The Kolmogorov–Smirnov test was used to assess normality. Continuous variables were presented as mean±standard deviation or median (1st quartile–3rd quartile), depending on the normality of distribution, while categorical variables were expressed as frequency (percentage). Group comparisons for continuous variables were conducted using either Student's t-test or Mann–Whitney U test, contingent upon the distribution normality. Repeated measurements of continuous variables were assessed using paired t-test or Wilcoxon signed ranks test, depending on distribution normality. Categorical variables were analyzed using the Chi-square test or Fisher–Freeman–Halton test. Analysis among different biological drug groups was performed using the Kruskal–Wallis test.

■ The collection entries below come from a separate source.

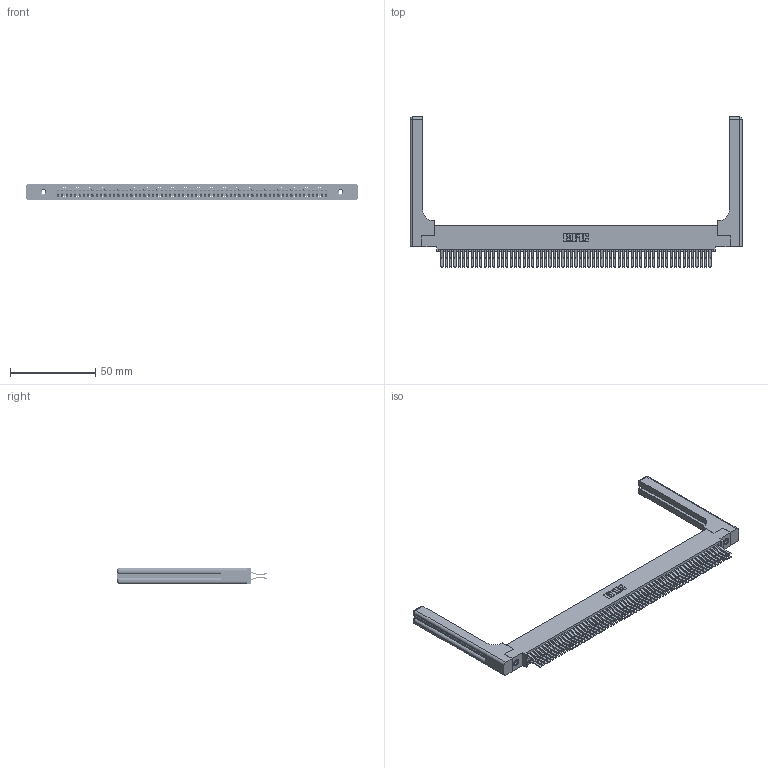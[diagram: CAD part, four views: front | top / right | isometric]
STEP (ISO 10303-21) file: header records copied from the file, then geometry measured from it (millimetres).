
FILE_DESCRIPTION (( 'STEP AP203' ), '1' );
FILE_NAME ('345-126-560-558.STEP', '2019-11-07T06:16:43', ( '' ), ( '' ), 'SwSTEP 2.0', 'SolidWorks 2016', '' );
FILE_SCHEMA (( 'CONFIG_CONTROL_DESIGN' ));
Length unit declared in the file: inch
Products named in the file (5): 345-220-058_345-220-058; 345-126-560-558; 345-292-001_560 Tail; 345-250-001_345-250-001-102; 345 Part_0.110 Offset - 0.156 Dia-TH
Assembly tree (131 placements, depth 2):
  345-126-560-558
    345 Part_0.110 Offset - 0.156 Dia-TH
    345-292-001_560 Tail  x126
    345-250-001_345-250-001-102  x2
    345-220-058_345-220-058  x2
Bounding box: 195.05 x 88.2 x 9.4 mm (x, y, z)
Volume: 28369.6 mm3; surface area: 37089.9 mm2
Topology: 131 solids, 131 shells, 6938 faces, 20549 edges, 13510 vertices
Faces by surface type: plane 4390, cylinder 2488, bspline 36, cone 12, sphere 8, torus 4
Entity records: 52006 total; most frequent: CARTESIAN_POINT 9693, ORIENTED_EDGE 8424, DIRECTION 7456, EDGE_CURVE 4212, LINE 3732, VECTOR 3732, VERTEX_POINT 2798, AXIS2_PLACEMENT_3D 1862
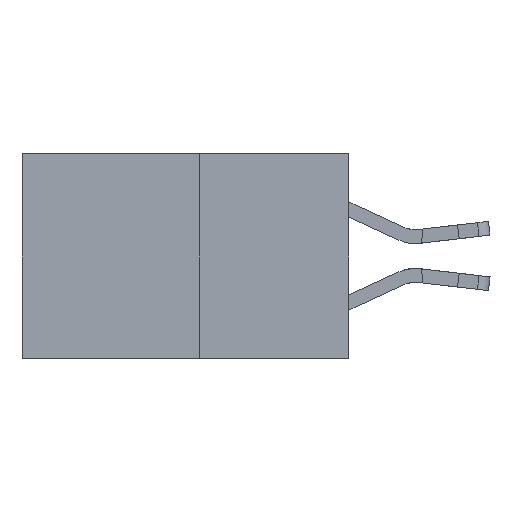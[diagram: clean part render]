
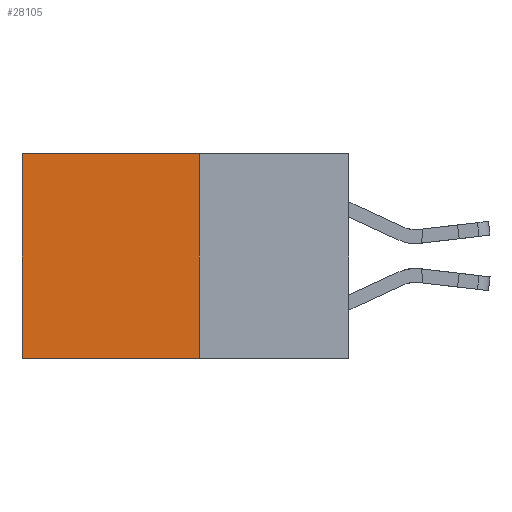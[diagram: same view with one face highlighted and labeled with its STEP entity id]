
A CAD part, left-side view. The second image highlights one B-rep face of the part: STEP entity #28105.
In plain terms, the highlighted planar face has unit normal (-1, 0, 0).
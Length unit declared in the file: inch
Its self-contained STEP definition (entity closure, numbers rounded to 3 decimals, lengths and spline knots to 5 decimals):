
#3030 = VERTEX_POINT ( 'NONE', #28307 ) ;
#3884 = VECTOR ( 'NONE', #17893, 39.37008 ) ;
#4311 = VECTOR ( 'NONE', #25310, 39.37008 ) ;
#4611 = CARTESIAN_POINT ( 'NONE',  ( 0.277, 0.27, 0. ) ) ;
#4852 = DIRECTION ( 'NONE',  ( 1., 0., 0. ) ) ;
#5123 = CARTESIAN_POINT ( 'NONE',  ( 0.277, 0.27, -0.37 ) ) ;
#8811 = CARTESIAN_POINT ( 'NONE',  ( 0.277, 0.59, -0.37 ) ) ;
#8823 = ORIENTED_EDGE ( 'NONE', *, *, #29886, .F. ) ;
#9791 = DIRECTION ( 'NONE',  ( 0., 0., -1. ) ) ;
#11619 = DIRECTION ( 'NONE',  ( 0., 1., 0. ) ) ;
#12743 = EDGE_CURVE ( 'NONE', #3030, #21171, #20896, .T. ) ;
#13116 = CARTESIAN_POINT ( 'NONE',  ( 0.277, 0.27, 0. ) ) ;
#13960 = VERTEX_POINT ( 'NONE', #13116 ) ;
#16157 = EDGE_CURVE ( 'NONE', #13960, #3030, #27402, .T. ) ;
#17585 = VECTOR ( 'NONE', #11619, 39.37008 ) ;
#17609 = ORIENTED_EDGE ( 'NONE', *, *, #18782, .F. ) ;
#17893 = DIRECTION ( 'NONE',  ( 0., 0., -1. ) ) ;
#18481 = CARTESIAN_POINT ( 'NONE',  ( 0.277, 0.27, -0.37 ) ) ;
#18703 = CARTESIAN_POINT ( 'NONE',  ( 0.277, 0.27, -0.37 ) ) ;
#18756 = CARTESIAN_POINT ( 'NONE',  ( 0.277, 0.27, -0.37 ) ) ;
#18782 = EDGE_CURVE ( 'NONE', #26836, #21171, #25154, .T. ) ;
#20896 = LINE ( 'NONE', #8811, #3884 ) ;
#21039 = DIRECTION ( 'NONE',  ( 0., 0., -1. ) ) ;
#21171 = VERTEX_POINT ( 'NONE', #21445 ) ;
#21445 = CARTESIAN_POINT ( 'NONE',  ( 0.277, 0.59, -0.37 ) ) ;
#21603 = LINE ( 'NONE', #5123, #26970 ) ;
#25154 = LINE ( 'NONE', #18481, #17585 ) ;
#25310 = DIRECTION ( 'NONE',  ( 0., 1., 0. ) ) ;
#26524 = EDGE_LOOP ( 'NONE', ( #27232, #17609, #8823, #29326 ) ) ;
#26836 = VERTEX_POINT ( 'NONE', #18756 ) ;
#26970 = VECTOR ( 'NONE', #9791, 39.37008 ) ;
#27083 = FACE_OUTER_BOUND ( 'NONE', #26524, .T. ) ;
#27232 = ORIENTED_EDGE ( 'NONE', *, *, #12743, .T. ) ;
#27402 = LINE ( 'NONE', #4611, #4311 ) ;
#27839 = PLANE ( 'NONE',  #28158 ) ;
#28105 = ADVANCED_FACE ( 'NONE', ( #27083 ), #27839, .F. ) ;
#28158 = AXIS2_PLACEMENT_3D ( 'NONE', #18703, #4852, #21039 ) ;
#28307 = CARTESIAN_POINT ( 'NONE',  ( 0.277, 0.59, 0. ) ) ;
#29326 = ORIENTED_EDGE ( 'NONE', *, *, #16157, .T. ) ;
#29886 = EDGE_CURVE ( 'NONE', #13960, #26836, #21603, .T. ) ;

Correlations between variables were evaluated using Pearson or Spearman correlation coefficients. All statistical analyses were conducted using IBM SPSS Statistics for Mac, Version 29.0 (IBM Corp., Armonk, NY, USA). Results with p<0.05 were considered statistically significant.

Ethical approval

Our study was approved by the Kahramanmaras Sutcu Imam University Medical Ethics Committee on 13.12.2022 with approval number 2022/37.

Results

We enrolled a total of 68 patients diagnosed with ankylosing spondylitis (AS) and 74 healthy individuals as controls, with a mean age of 38.62±10.25 years (range: 18–68) in our study. The age distribution did not show a significant difference between the patient and control groups (p: 0.467). Regarding gender distribution, 44.1% (n: 30/68) of participants in the AS group were female, while a similar proportion of 43.2% (n: 32/74) was observed in the control group (p: 0.916).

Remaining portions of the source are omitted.